Carlos colocou o jovem no carro e dirigiu. William era um daqueles alunos que o professor ignora na sala de aula pois já descobriu que não tem solução. Durante todos os anos de experiência de Carlos, ele percebeu que se o aluno não quiser cooperar, ele simplesmente não irá aprender e pronto. Mas o que aquele cara de terno e gravata disse instigou o filósofo. Afinal de contas, não tinha como William ter pago um rapaz daquele para fazer tal tipo de pegadinha. E qual seria o sentido disso tudo? Carlos resolveu entrar no jogo e continuou a dirigir. Ambos não se falaram até que o carro estacionou na frente de uma casa antiga com os dizeres estampados na entrada:
"Casa dos caminhos de Chico Xavier"
Eduardo olhou fixamente para aqueles letreiros, fitou Carlos e disse:
- Cara... Eu disse que estou louco mas nem tanto assim. Falei pra me levar no hospício e não num centro espírita! Aí tem gente mais louca que eu! Mano, eu não acredito nisso nem a pau!

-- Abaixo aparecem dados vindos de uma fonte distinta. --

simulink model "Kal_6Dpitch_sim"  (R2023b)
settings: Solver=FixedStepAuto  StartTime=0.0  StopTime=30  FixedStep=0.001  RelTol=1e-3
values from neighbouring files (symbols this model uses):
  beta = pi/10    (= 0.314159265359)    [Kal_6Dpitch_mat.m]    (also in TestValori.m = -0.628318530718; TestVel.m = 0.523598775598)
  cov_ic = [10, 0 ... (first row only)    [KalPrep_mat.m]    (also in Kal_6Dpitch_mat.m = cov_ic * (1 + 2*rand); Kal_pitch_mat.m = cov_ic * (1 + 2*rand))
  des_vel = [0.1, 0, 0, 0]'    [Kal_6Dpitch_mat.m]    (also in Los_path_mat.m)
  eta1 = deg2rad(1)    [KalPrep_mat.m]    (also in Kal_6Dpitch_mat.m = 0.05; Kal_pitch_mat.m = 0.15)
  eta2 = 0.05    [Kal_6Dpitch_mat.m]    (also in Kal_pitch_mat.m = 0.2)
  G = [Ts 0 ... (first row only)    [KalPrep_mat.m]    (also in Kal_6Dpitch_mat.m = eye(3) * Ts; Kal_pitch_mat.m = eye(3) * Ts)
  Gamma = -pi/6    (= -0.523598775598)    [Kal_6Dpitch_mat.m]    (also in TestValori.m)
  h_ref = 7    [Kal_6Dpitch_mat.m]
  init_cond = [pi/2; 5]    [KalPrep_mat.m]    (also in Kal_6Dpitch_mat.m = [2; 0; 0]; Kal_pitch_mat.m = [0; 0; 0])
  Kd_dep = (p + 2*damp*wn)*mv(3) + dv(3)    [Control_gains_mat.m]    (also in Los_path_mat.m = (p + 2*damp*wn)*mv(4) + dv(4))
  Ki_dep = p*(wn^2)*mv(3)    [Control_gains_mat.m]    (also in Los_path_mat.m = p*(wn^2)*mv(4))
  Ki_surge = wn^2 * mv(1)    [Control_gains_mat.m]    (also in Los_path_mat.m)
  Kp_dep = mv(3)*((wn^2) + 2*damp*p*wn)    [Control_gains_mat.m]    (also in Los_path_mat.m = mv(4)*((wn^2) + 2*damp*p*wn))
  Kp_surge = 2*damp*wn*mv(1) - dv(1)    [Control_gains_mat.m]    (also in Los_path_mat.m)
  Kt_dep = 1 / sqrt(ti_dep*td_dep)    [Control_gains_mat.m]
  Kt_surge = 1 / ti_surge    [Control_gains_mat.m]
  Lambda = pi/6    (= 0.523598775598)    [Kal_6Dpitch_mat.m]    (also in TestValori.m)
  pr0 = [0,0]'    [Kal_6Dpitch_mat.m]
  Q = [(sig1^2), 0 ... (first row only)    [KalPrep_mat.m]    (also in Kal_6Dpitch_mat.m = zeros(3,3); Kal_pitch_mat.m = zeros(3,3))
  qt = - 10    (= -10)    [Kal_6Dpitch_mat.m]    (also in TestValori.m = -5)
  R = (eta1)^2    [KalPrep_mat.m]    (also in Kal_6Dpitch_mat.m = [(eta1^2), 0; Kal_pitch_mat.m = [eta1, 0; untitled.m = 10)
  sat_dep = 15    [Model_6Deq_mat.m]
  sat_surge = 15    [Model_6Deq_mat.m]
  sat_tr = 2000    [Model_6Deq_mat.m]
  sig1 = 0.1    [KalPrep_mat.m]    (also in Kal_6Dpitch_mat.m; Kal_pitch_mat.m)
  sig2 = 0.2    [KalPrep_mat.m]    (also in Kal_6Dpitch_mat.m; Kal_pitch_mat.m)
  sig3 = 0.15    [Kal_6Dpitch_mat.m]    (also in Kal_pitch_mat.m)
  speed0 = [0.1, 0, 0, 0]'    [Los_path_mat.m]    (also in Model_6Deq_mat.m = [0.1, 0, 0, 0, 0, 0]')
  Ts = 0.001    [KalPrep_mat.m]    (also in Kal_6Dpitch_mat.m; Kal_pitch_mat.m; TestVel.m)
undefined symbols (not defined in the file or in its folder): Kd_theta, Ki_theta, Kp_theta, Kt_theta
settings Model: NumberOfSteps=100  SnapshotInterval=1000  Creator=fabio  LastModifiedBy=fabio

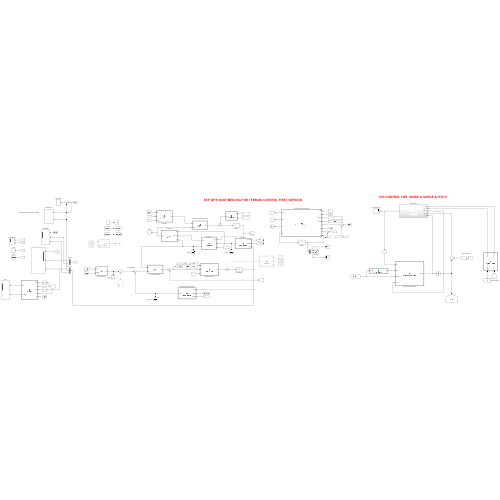
[thumbnail: Simulink's stored preview of the top-level diagram]
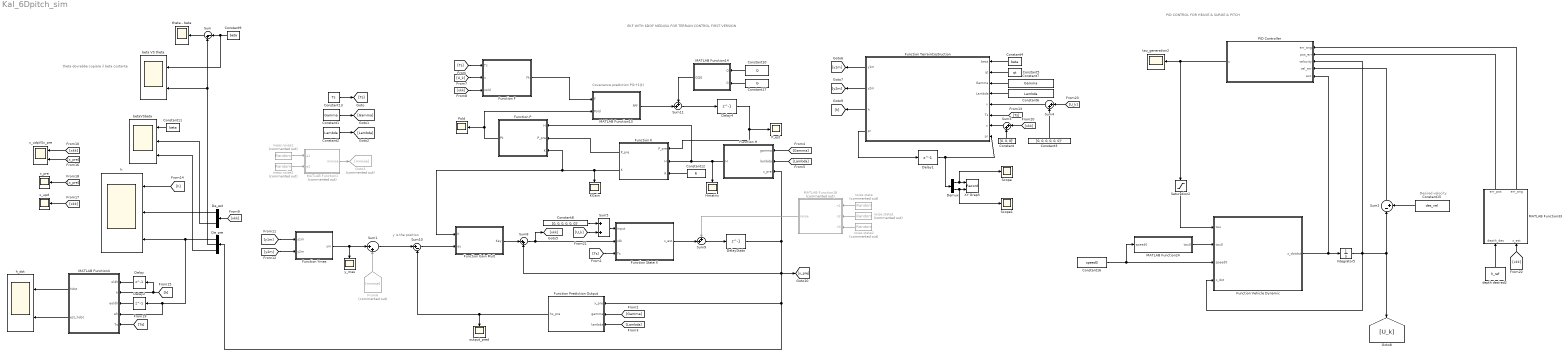
== system Kal_6Dpitch_sim ==
  note: theta dovrebbe copiare il beta costante
  note: Covariance prediction P(k+1|k)
  note: EKF WITH 6DOF MEDUSA FOR TERRAIN CONTROL FIRST VERSION
  note: y is the position
  note: PID CONTROL FOR HEAVE & SURGE & PITCH
  note: Desired velocity
  Constant : Constant  Value=[0, 0, 0]'
  Constant1 : Constant  Value=Gamma
  Constant10 : Constant  Value=Q  VectorParams1D=off
  Constant11 : Constant  Value=beta
  Constant12 : Constant  Value=R
  Constant13 : Constant  Value=Ts
  Constant15 : Constant  Value=des_vel
  Constant16 : Constant  Value=speed0
  Constant17 : Constant  Value=G  VectorParams1D=off
  Constant2 : Constant  Value=Lambda
  Constant3 : Constant  Value=[0, 0, 0, 0, 0, 0]'
  Constant4 : Constant  Value=beta
  Constant5 : Constant  Value=qt
  Constant6 : Constant  Value=Lambda
  Constant7 : Constant  Value=Gamma
  Constant8 : Constant  Value=[0, 0, 0, 0, 0, 0]'
  Constant9 : Constant  Value=beta
  De_est : Demux  Outputs=3
  De_pre : Demux  Outputs=3
  Delay : Delay  DelayLength=1
  Delay1 : Delay  DelayLength=1  InitialCondition=pr0  UseCircularBuffer=on
  Delay2 : Delay  DelayLength=1
  Delay4 : Delay  DelayLength=1  InitialCondition=cov_ic  UseCircularBuffer=on
  DelayStato : Delay  DelayLength=1  InitialCondition=init_cond  UseCircularBuffer=on
  Demux : Demux  Outputs=2
  From6 : From  Commented=on  GotoTag=mnoise
  Function F : MATLAB Function  TreatAsAtomicUnit=on
  Function Gain Mult : MATLAB Function  TreatAsAtomicUnit=on
  Function H : MATLAB Function  TreatAsAtomicUnit=on
  Function K : MATLAB Function  TreatAsAtomicUnit=on
  Function P : MATLAB Function  TreatAsAtomicUnit=on
  Function Prediction Output : MATLAB Function  TreatAsAtomicUnit=on
  Function State X : MATLAB Function  TreatAsAtomicUnit=on
  Function TerrainCostruction : MATLAB Function  TreatAsAtomicUnit=on
  Function Vehicle Dynamic : MATLAB Function  TreatAsAtomicUnit=on
  Function Ymes : MATLAB Function  TreatAsAtomicUnit=on
  Goto3 : Goto  Commented=on  GotoTag=mnoise
  Hmatrix : Scope
  Integrator5 : Integrator
  KGain : Scope
  MATLAB Function1 : MATLAB Function  Commented=on  TreatAsAtomicUnit=on
  MATLAB Function13 : MATLAB Function  TreatAsAtomicUnit=on
  MATLAB Function14 : MATLAB Function  TreatAsAtomicUnit=on
  MATLAB Function18 : MATLAB Function  Commented=on  TreatAsAtomicUnit=on
  MATLAB Function24 : MATLAB Function  TreatAsAtomicUnit=on
  MATLAB Function33 : MATLAB Function  TreatAsAtomicUnit=on
  MATLAB Function4 : MATLAB Function  TreatAsAtomicUnit=on
  PID Controller : Subsystem
  P_est : Scope
  Pold : Scope
  Saturation2 : Saturate  UpperLimit=sat_tr  LowerLimit=-sat_tr
  Scope : Scope
  Scope1 : Scope
  Sum : Sum  Inputs=|-+
  Sum{1,3..4,8} (4 alike) : Sum  Inputs=|++
  Sum10 : Sum  Inputs=|+-
  Sum11 : Sum  Inputs=++|
  Sum2 : Sum  Inputs=|-+
  Sum5 : Sum
  Sum9 : Sum  Inputs=++|
  XY Graph : Record  FileSettingsInternal="{\"entries\":[{\"content\":{\"excelSettings\":{\"content\":{},\"type\":\"Streamout.ExcelSettings\"}},\"type\":\"Streamout.FileSettingStorage\",\"uuid\":\"\"}],\"packageUris\":[\"http:\\/\\/schema.mathworks.com\\/mf0\\/streamout_blocks\\/R2020a\"],\"version\":\"1.0\"}"  Layout=[1 1]  SignalsInternal="{\"entries\":[{\"content\":{\"signals\":[{\"content\":{\"blockPath\":[],\"dimensions\":[1],\"domain\":\"\",\"lineColor\":\"#a2142f\",\"plots\":[ 1 ],\"port\":1,\"signalID\":1,\"signalName\":\"Demux:1\"},\"type\":\"RecordBlkView.Signal\",\"uuid\":\"\"},{\"content\":{\"blockPath\":[],\"dimensions\":[1],\"domain\":\"\",\"lineColor\":\"#139fff\",\"plots\":[ 1 ],\"port\":2,\"signalID\":2,\"signalName\":\"Demux:2\"},\"type\":\"RecordBlkView.Signal\",\"uuid\":\"\"}]},\"type\":\"RecordBlkView.InputSignals\",\"uuid\":\"\"}],\"packageUris\":[\"http:\\/\\/schema.mathworks.com\\/mf0\\/streamout_blocks\\/R2020a\"],\"version\":\"1.0\"}"  VisualizationBindings="{\"xyplotplugin\":{\"info\":[{\"series\":[{\"bindingParametersList\":[{\"parameter\":\"X-Axis\",\"signalID\":1,\"signalName\":\"Demux:1\"},{\"parameter\":\"Y-Axis\",\"signalID\":2,\"signalName\":\"Demux:2\"}],\"seriesID\":0}],\"subplotID\":1}]}}"  CompatibilityTag=XY
  beta VS theta : Scope  NumInputPorts=2
  betaVSbeta : Scope  NumInputPorts=3
  depth desired2 : Constant  Value=h_ref
  h : Scope  NumInputPorts=3
  h_dot : Scope  NumInputPorts=2
  meas.noise1 : RandomNumber  Commented=on  Variance=eta1  SampleTime=Ts
  meas.noise2 : RandomNumber  Commented=on  Variance=eta2  SampleTime=Ts
  noise state : RandomNumber  Commented=on  Variance=sig1  SampleTime=Ts
  noise state1 : RandomNumber  Commented=on  Variance=sig2  SampleTime=Ts
  noise state2 : RandomNumber  Commented=on  Variance=sig3  SampleTime=Ts
  output_pred : Scope
  tau_generation2 : Scope
  theta - beta : Scope
  x_pre : Scope
  x_udpVSx_pre : Scope  NumInputPorts=2
  x_upd : Scope
  y_mes : Scope
  wires:
  Function F/1(Fk) -> MATLAB Function13/1(F)
  DelayStato/1 -> Sum8/2, [x_pre], Function Prediction Output/1(x_pre), De_pre/1, Function H/3(x_pre)
  Delay4/1 -> P_est/1, Function K/1("P_pre ")
  Function Prediction Output/1(hx_pre) -> Sum10/2, output_pred/1
  Sum10/1 -> Function Gain Mult/2(ey)
  Function H/1(H) -> Hmatrix/1, Function P/1(H), Function K/2(H)
  Constant17/1 -> MATLAB Function14/2(G)
  MATLAB Function14/1(GQG) -> Sum11/1
  MATLAB Function13/1(FPF) -> Sum11/2
  Constant10/1 -> MATLAB Function14/1(Q)
  Function State X/1(x_est) -> Sum9/2
  Function P/1(Pk) -> Pold/1, MATLAB Function13/2(Pold)
  Sum9/1 -> DelayStato/1
  Constant12/1 -> Function K/3(R)
  Function K/2(K) -> KGain/1, Function P/3(K), Function Gain Mult/1(K)
  Sum11/1 -> Delay4/1
  Sum8/1 -> Function State X/2(xkk), [xkk]
  Function K/1(P_pre) -> Function P/2(P_pre)
  Function Gain Mult/1(Key) -> Sum8/1
  Function Ymes/1(ym) -> y_mes/1, Sum1/1
  Constant13/1 -> [Ts]
  [Ts] -> Function F/1(Ts)
  [Ts] -> Function State X/3(Ts)
  Constant1/1 -> [Gamma]
  Constant2/1 -> [Lambda]
  [Gamma] -> Function Prediction Output/2(gamma)
  [Lambda] -> Function Prediction Output/3(lambda)
  [Gamma] -> Function H/1(gamma)
  [Lambda] -> Function H/2(lambda)
  noise state/1 -> MATLAB Function18/1(n1)
  noise state2/1 -> MATLAB Function18/3(n3)
  noise state1/1 -> MATLAB Function18/2(n2)
  MATLAB Function18/1(noise) -> Sum9/1
  Sum1/1 -> Sum10/1
  meas.noise1/1 -> MATLAB Function1/1(e1)
  meas.noise2/1 -> MATLAB Function1/2(e2)
  MATLAB Function1/1(mnoise) -> Goto3/1
  [U_k] -> Function F/2(u)
  [xkk] -> Function F/3(xold)
  Delay1/1 -> Demux/1, Function TerrainCostruction/8("pr ")
  Function TerrainCostruction/4(pr) -> Delay1/1
  Function TerrainCostruction/1(y1m) -> [y1m]
  Function TerrainCostruction/2(y2m) -> [y2m]
  [y1m] -> Function Ymes/1(y1m)
  [y2m] -> Function Ymes/2(y2m)
  Constant4/1 -> Function TerrainCostruction/1(beta)
  Constant5/1 -> Function TerrainCostruction/2(qt)
  Constant6/1 -> Function TerrainCostruction/4(Lambda)
  [Ts] -> Function TerrainCostruction/6(Ts)
  Function TerrainCostruction/3(h) -> [h]
  [h] -> h/1
  [xkk] -> De_est/1
  De_est/1 -> h/2
  De_pre/1 -> MATLAB Function4/4(eh), Delay2/1, h/3
  Constant7/1 -> Function TerrainCostruction/3(Gamma)
  MATLAB Function4/1(hdot) -> h_dot/1
  De_est/3 -> betaVSbeta/2
  De_pre/3 -> betaVSbeta/3
  Constant11/1 -> betaVSbeta/1
  MATLAB Function4/2(est_hdot) -> h_dot/2
  [h] -> Delay/1, MATLAB Function4/2(h)
  Delay/1 -> MATLAB Function4/1(oldh)
  Delay2/1 -> MATLAB Function4/3(eoldh)
  [Ts] -> MATLAB Function4/5(Ts)
  From6/1 -> Sum1/2
  MATLAB Function24/1(tau0) -> Function Vehicle Dynamic/2(tau0)
  Constant16/1 -> Function Vehicle Dynamic/3(speed0), MATLAB Function24/1(speed0)
  Sum2/1 -> PID Controller/4(vel_err)
  PID Controller/1(u) -> tau_generation2/1, Saturation2/1
  MATLAB Function33/1(err_pos) -> PID Controller/2(pos_err)
  Function Vehicle Dynamic/1(x_dotdot) -> Integrator5/1, PID Controller/5(acc)
  Saturation2/1 -> Function Vehicle Dynamic/1(tau)
  depth desired2/1 -> MATLAB Function33/1(depth_des)
  Integrator5/1 -> PID Controller/3(velocity), Function Vehicle Dynamic/4(x_dot), [U_k], Sum2/1
  [xkk] -> MATLAB Function33/2(x_est)
  MATLAB Function33/2(err_ang) -> PID Controller/1(err_ang)
  Constant15/1 -> Sum2/2
  Constant9/1 -> beta VS theta/1, Sum/1
  Sum/1 -> theta - beta/1
  De_pre/2 -> beta VS theta/2, Sum/2
  [xkk] -> Sum3/1
  Sum3/1 -> Function TerrainCostruction/7(x)
  Constant/1 -> Sum3/2
  Sum4/1 -> Function TerrainCostruction/5(v)
  [U_k] -> Sum4/1
  Constant3/1 -> Sum4/2
  Demux/1 -> Scope/1, XY Graph/1
  Demux/2 -> Scope1/1, XY Graph/2
  Sum5/1 -> Function State X/1(input)
  Constant8/1 -> Sum5/1
  [U_k] -> Sum5/2
  [xkk] -> x_udpVSx_pre/1
  [xkk] -> x_upd/1
  [x_pre] -> x_pre/1
  [x_pre] -> x_udpVSx_pre/2

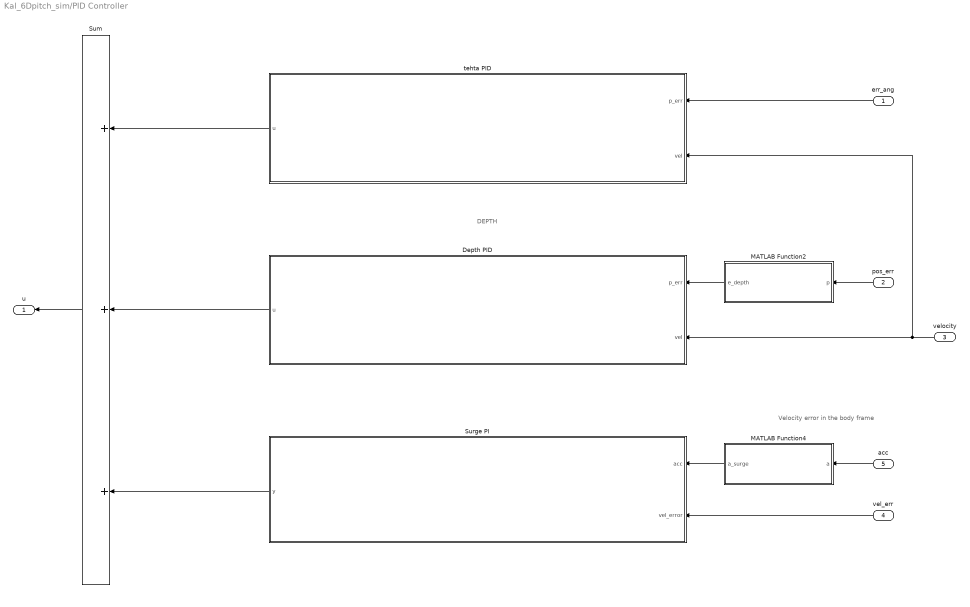
== system Kal_6Dpitch_sim/PID Controller ==
  note: Velocity error in the body frame
  note: DEPTH
  err_ang : Inport
  pos_err : Inport  Port=2
  velocity : Inport  Port=3
  vel_err : Inport  Port=4
  acc : Inport  Port=5
  Depth PID : Subsystem
  MATLAB Function2 : MATLAB Function  TreatAsAtomicUnit=on
  MATLAB Function4 : MATLAB Function  TreatAsAtomicUnit=on
  Sum : Sum  Inputs=+++
  Surge PI : Subsystem
  tehta PID : Subsystem
  u : Outport
  wires:
  velocity/1 -> Depth PID/2(vel), tehta PID/2(vel)
  vel_err/1 -> Surge PI/2(vel_error)
  MATLAB Function4/1(a_surge) -> Surge PI/1(acc)
  acc/1 -> MATLAB Function4/1(a)
  Surge PI/1(y) -> Sum/3
  Sum/1 -> u/1
  Depth PID/1(u) -> Sum/2
  pos_err/1 -> MATLAB Function2/1(p)
  MATLAB Function2/1(e_depth) -> Depth PID/1(p_err)
  tehta PID/1(u) -> Sum/1
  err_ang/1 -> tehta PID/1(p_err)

- Meu jovem. Eu sou um cientista também. Cientista social, porém, cientista. Perdi uma aula em outra universidade por sua causa pois acredito nela. Na história de fatos tidos como "sobrenaturais" no passado, a forma como as pessoas passavam o primeiro filtro era: Se este fato foi percebido apenas por ti, ou foi uma peça causada pelo seu cérebro ou foi uma confusão de um fenômeno natural ainda não explicado. Mas se o mesmo fato fora percebido da mesma maneira, sem diferenças, por duas ou mais pessoas, daí a única teoria científica que explica é do inconsciente coletivo. Esta muito rara e controversa. Que precisa de muitos outros dados para ser apurada. Daí, usando de probabilidade e estatística, seu caso tem grandes chances de ser um caso "sobrenatural". Remédios só irão te perturbar ainda mais...
- Putz! Já sei com quem o tal William do futuro aprendeu a falar tanto. Meu... Eu entreguei pra Deus. Vai logo então senhor da ciência. Bah! Fala que é da ciência e me traz numa casa espírita. Só rindo!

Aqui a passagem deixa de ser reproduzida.